Exercise brief –
Only one stretch of the data below is wanted: the lines starting at the one with "line L12 (-16.5, -2) -> (-16.5, -3)" and ending at the one with "(-7.5, 0) L7", both included, given again exactly.

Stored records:
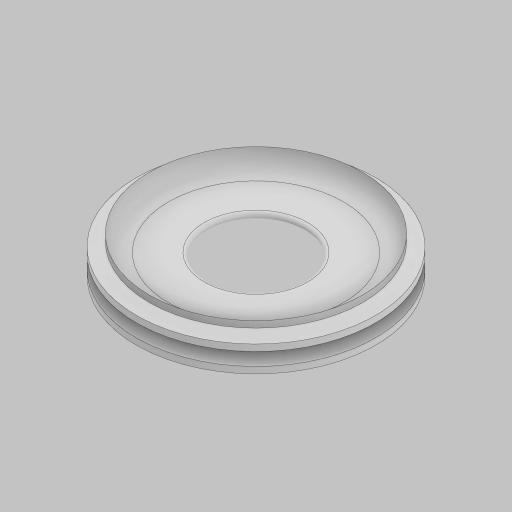
# Autodesk Inventor part: Sealingring
Saved by Autodesk Inventor 2023.2 (Build 272271000, 271)
## iProperties
Created: 2023-02-14
Part Number: Sealingring
Material: Generic
Document SubType Name: Modeling
Designer: splath
Density: 1 g/cm^3
Appearance: Default
Author: splath
Autodesk Inventor part; units mm, degrees
ref_plane "YZ Plane" through (0, 0, 0) normal (1, 0, 0) x (0, 1, 0)
ref_plane "XZ Plane" through (0, 0, 0) normal (0, 1, 0) x (-1, 0, 0)
ref_plane "XY Plane" through (0, 0, 0) normal (0, 0, 1) x (1, 0, 0)
sketch "Sketch1" plane through (0, 0, 0) normal (0, 0, 1) x (1, 0, 0)
  line L0 (-8, -0.5) -> (-13.542, -0.5)
  arc A0 (-8, -0.5) -> (-8, 0.5) centre (-8, 0) ccw
  line L1 (-8, 0.5) -> (-13.542, 0.5)
  arc A1 (-16.5, 3) -> (-13.542, 0.5) centre (-13.542, 3.5) ccw
  line L2 (-16.5, 3) -> (-16.5, 2)
  line L3 (-16.5, 2) -> (-18.5, 1.2721)
  line L4 (-18.5, 1.2721) -> (-18.5, 0.2721)
  line L5 (-18.5, 0.2721) -> (-16.5, 1)
  arc A2 (-13.542, -0.5) -> (-16.5, -3) centre (-13.542, -3.5) ccw
  line L6 (-22.2, 0) -> (3.7, 0) construction
  line L7 (0, -4.9) -> (0, 4.9) construction
  line L8 (-16.5, 1) -> (-16.5, -1)
  line L9 (-16.5, -1) -> (-18.5, -1.7279)
  line L10 (-18.5, -1.7279) -> (-18.5, -2.7279)
  line L11 (-18.5, -2.7279) -> (-16.5, -2)
  line L12 (-16.5, -2) -> (-16.5, -3)
  point P0 (0, 0)
  point P1 (-7.5, 0)
  dimension "d3" = 15
  dimension "d4" = 33
  dimension "d5" = 2
  dimension "d7" = 1
  dimension "d8" = 6
  dimension "d9" = 3
  dimension "d10" = 1
  dimension "d12" = 2
  dimension "d13" = 5.542
  dimension "d15" = 0.7279
  dimension "d16" = 70
  constraints: 22 end point, 7 point on circle, 5 parallel, 4 tangent, 3 centre point, 3 equal length, 3 point on line, 2 horizontal, 2 vertical, 1 collinear, 1 equal radius, 1 perpendicular
  measures "d3" diameter of point (-7.5, 0) L7
  measures "d4" diameter of L2 L7
  measures "d5" distance between parallel lines of L2 L4
  measures "d7" distance between parallel lines of L1 L0
  measures "d8" distance of L12.end L2.start
  measures "d9" radius of A2
  measures "d10" distance of L3.end L4.end
  measures "d12" distance of L5.end L8.end
  measures "d13" distance of L1.start L1.end
  measures "d15" vertical distance of L10.end L11.end
  measures "d16" angle of L11 L12
revolve "Revolution1" add sketch "Sketch1" angle 360 about axis through (0, -10, 0) along (0, 1, 0)
body "Solid1"

Exercise solution –
  line L12 (-16.5, -2) -> (-16.5, -3)
  point P0 (0, 0)
  point P1 (-7.5, 0)
  dimension "d3" = 15
  dimension "d4" = 33
  dimension "d5" = 2
  dimension "d7" = 1
  dimension "d8" = 6
  dimension "d9" = 3
  dimension "d10" = 1
  dimension "d12" = 2
  dimension "d13" = 5.542
  dimension "d15" = 0.7279
  dimension "d16" = 70
  constraints: 22 end point, 7 point on circle, 5 parallel, 4 tangent, 3 centre point, 3 equal length, 3 point on line, 2 horizontal, 2 vertical, 1 collinear, 1 equal radius, 1 perpendicular
  measures "d3" diameter of point (-7.5, 0) L7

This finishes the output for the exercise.